Published by Ekurd Daily on 1/9/16
DIYARBAKIR-AMED, Turkey’s Kurdish region,— Kurdish campaigners in Turkey announced a hunger strike Wednesday to protest the lack of updates about the welfare of jailed Kurdish leader Abdullah Ocalan who has been denied visitors since summer 2015.
Around 50 politicians and activists, including MPs from the pro-Kurdish Peoples’ Democratic Party (HDP), told journalists in Diyarbakir in Turkish Kurdistan, southeastern Turkey, that they would stop eating from September 5.
Ocalan is one of the founders of the outlawed Kurdistan Workers’ Party (PKK) which resumed a three-decade-long insurgency against the Turkish state last year, following the collapse of a two-year truce.
He is serving a life sentence for treason in an island prison near Istanbul.
Since the collapse of the ceasefire, he has not been permitted visits from lawyers or supporters.
Some people shouted pro-PKK slogans during the gathering in Diyarbakir — a majority Kurdish city among the areas targeted in a military offensive last winter aimed at trying to flush the rebels out of Turkey’s southeast.
A poster of Ocalan hung over a building in the city but was later removed on the orders of the police.
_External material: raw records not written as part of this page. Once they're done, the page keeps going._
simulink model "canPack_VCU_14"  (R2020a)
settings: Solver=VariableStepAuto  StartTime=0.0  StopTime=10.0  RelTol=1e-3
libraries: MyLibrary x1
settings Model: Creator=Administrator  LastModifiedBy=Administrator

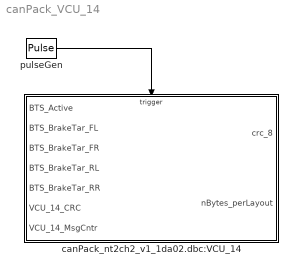
== system canPack_VCU_14 ==
  canPack_nt2ch2_v1_1da02.dbc:VCU_14 : Subsystem
  pulseGen : DiscretePulseGenerator  PulseType=Time based  Period=0.01  PulseWidth=50
  wires:
  pulseGen/1 -> canPack_nt2ch2_v1_1da02.dbc:VCU_14/Trigger

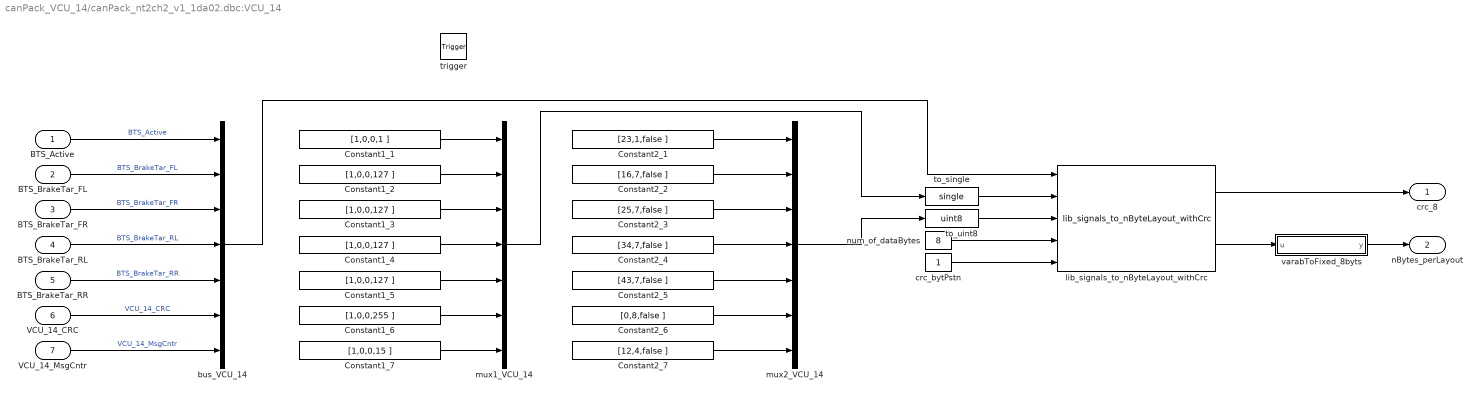
== system canPack_VCU_14/canPack_nt2ch2_v1_1da02.dbc:VCU_14 ==
  BTS_Active : Inport
  BTS_BrakeTar_FL : Inport  Port=2
  BTS_BrakeTar_FR : Inport  Port=3
  BTS_BrakeTar_RL : Inport  Port=4
  BTS_BrakeTar_RR : Inport  Port=5
  VCU_14_CRC : Inport  Port=6
  VCU_14_MsgCntr : Inport  Port=7
  trigger : TriggerPort  VariantControl=Variant  PortDimensions=1
  Constant1_1 : Constant  Value=[1,0,0,1 ]  SampleTime=-1
  Constant1_{2..5} (4 alike) : Constant  Value=[1,0,0,127 ]  SampleTime=-1
  Constant1_6 : Constant  Value=[1,0,0,255 ]  SampleTime=-1
  Constant1_7 : Constant  Value=[1,0,0,15 ]  SampleTime=-1
  Constant2_1 : Constant  Value=[23,1,false ]  SampleTime=-1
  Constant2_2 : Constant  Value=[16,7,false ]  SampleTime=-1
  Constant2_3 : Constant  Value=[25,7,false ]  SampleTime=-1
  Constant2_4 : Constant  Value=[34,7,false ]  SampleTime=-1
  Constant2_5 : Constant  Value=[43,7,false ]  SampleTime=-1
  Constant2_6 : Constant  Value=[0,8,false ]  SampleTime=-1
  Constant2_7 : Constant  Value=[12,4,false ]  SampleTime=-1
  bus_VCU_14 : BusCreator  Inputs=7
  crc_bytPstn : Constant  OutDataTypeStr=uint8  SampleTime=-1
  lib_signals_to_nByteLayout_withCrc : MyLibrary/lib_signals_to_nByteLayout_withCrc  SystemSampleTime=-1  Latency=0  AutoFrameSizeCalculation=off
  mux1_VCU_14 : Mux  Inputs=7
  mux2_VCU_14 : Mux  Inputs=7
  num_of_dataBytes : Constant  Value=8  OutDataTypeStr=uint8  SampleTime=-1
  to_single : DataTypeConversion  OutDataTypeStr=single
  to_uint8 : DataTypeConversion  OutDataTypeStr=uint8
  varabToFixed_8byts : MATLAB Function  TreatAsAtomicUnit=on
  crc_8 : Outport
  nBytes_perLayout : Outport  Port=2
  wires:
  BTS_Active/1 -> bus_VCU_14/1  "BTS_Active"
  BTS_BrakeTar_FL/1 -> bus_VCU_14/2  "BTS_BrakeTar_FL"
  BTS_BrakeTar_FR/1 -> bus_VCU_14/3  "BTS_BrakeTar_FR"
  BTS_BrakeTar_RL/1 -> bus_VCU_14/4  "BTS_BrakeTar_RL"
  BTS_BrakeTar_RR/1 -> bus_VCU_14/5  "BTS_BrakeTar_RR"
  VCU_14_CRC/1 -> bus_VCU_14/6  "VCU_14_CRC"
  VCU_14_MsgCntr/1 -> bus_VCU_14/7  "VCU_14_MsgCntr"
  Constant1_1/1 -> mux1_VCU_14/1
  Constant2_1/1 -> mux2_VCU_14/1
  Constant1_2/1 -> mux1_VCU_14/2
  Constant2_2/1 -> mux2_VCU_14/2
  Constant1_3/1 -> mux1_VCU_14/3
  Constant2_3/1 -> mux2_VCU_14/3
  Constant1_4/1 -> mux1_VCU_14/4
  Constant2_4/1 -> mux2_VCU_14/4
  Constant1_5/1 -> mux1_VCU_14/5
  Constant2_5/1 -> mux2_VCU_14/5
  Constant1_6/1 -> mux1_VCU_14/6
  Constant2_6/1 -> mux2_VCU_14/6
  Constant1_7/1 -> mux1_VCU_14/7
  Constant2_7/1 -> mux2_VCU_14/7
  bus_VCU_14/1 -> lib_signals_to_nByteLayout_withCrc/1
  mux1_VCU_14/1 -> to_single/1
  to_single/1 -> lib_signals_to_nByteLayout_withCrc/2
  mux2_VCU_14/1 -> to_uint8/1
  to_uint8/1 -> lib_signals_to_nByteLayout_withCrc/3
  lib_signals_to_nByteLayout_withCrc/1 -> crc_8/1
  num_of_dataBytes/1 -> lib_signals_to_nByteLayout_withCrc/4
  lib_signals_to_nByteLayout_withCrc/2 -> varabToFixed_8byts/1(u)
  varabToFixed_8byts/1(y) -> nBytes_perLayout/1
  crc_bytPstn/1 -> lib_signals_to_nByteLayout_withCrc/5

== matlab function canPack_VCU_14/canPack_nt2ch2_v1_1da02.dbc:VCU_14/varabToFixed_8byts ==
  data: u input uint8 size=8; y output uint8
function y = fcn(u)

fixed_size = 8;
y = uint8(zeros(fixed_size,1));

for i=1:fixed_size
    y(i) = u(i);
end

Jailed Kurdish leader Abdullah Ocalan, is the founder of the Kurdistan Workers’ Party (PKK), Ocalan has a high symbolic value for most Kurds in Turkey and worldwide, according to analysts.
Ocalan had been forced from his long-time home in Syria by Turkish pressure in 1998, embarked on an odyssey through several European countries and ended up in the residence of the Greek ambassador in Nairobi. He was on his way from there to the airport on Feb 15 1999 when he was arrested by Turkish agents and put on a plane to Turkey.
Following the arrest, violent protests by Kurds erupted all over Europe. Ocalan was put on trial on the heavily guarded prison island of Imrali in the Sea of Marmara near Istanbul and sentenced to death. His sentence was later commuted to life in prison, after Turkey abolished the death penalty in 2002.
Last week, 11 police officers were killed and dozens wounded when a suicide bomber detonated an explosives-laden truck near a police building in the flashpoint Kurdish town of Cizre, about 260 kilometres (160 miles) east of Diyarbakir.
The PKK said it carried out the attack in retaliation for Ocalan’s “continued isolation” and lack of information about his welfare.
The PKK took up arms in 1984 against the Turkish state, which still denies the constitutional existence of Kurds, to push for greater autonomy for the Kurdish minority who make up around 22.5 million of the country’s 78-million population. A large Turkey’s Kurdish community openly sympathise with PKK rebels.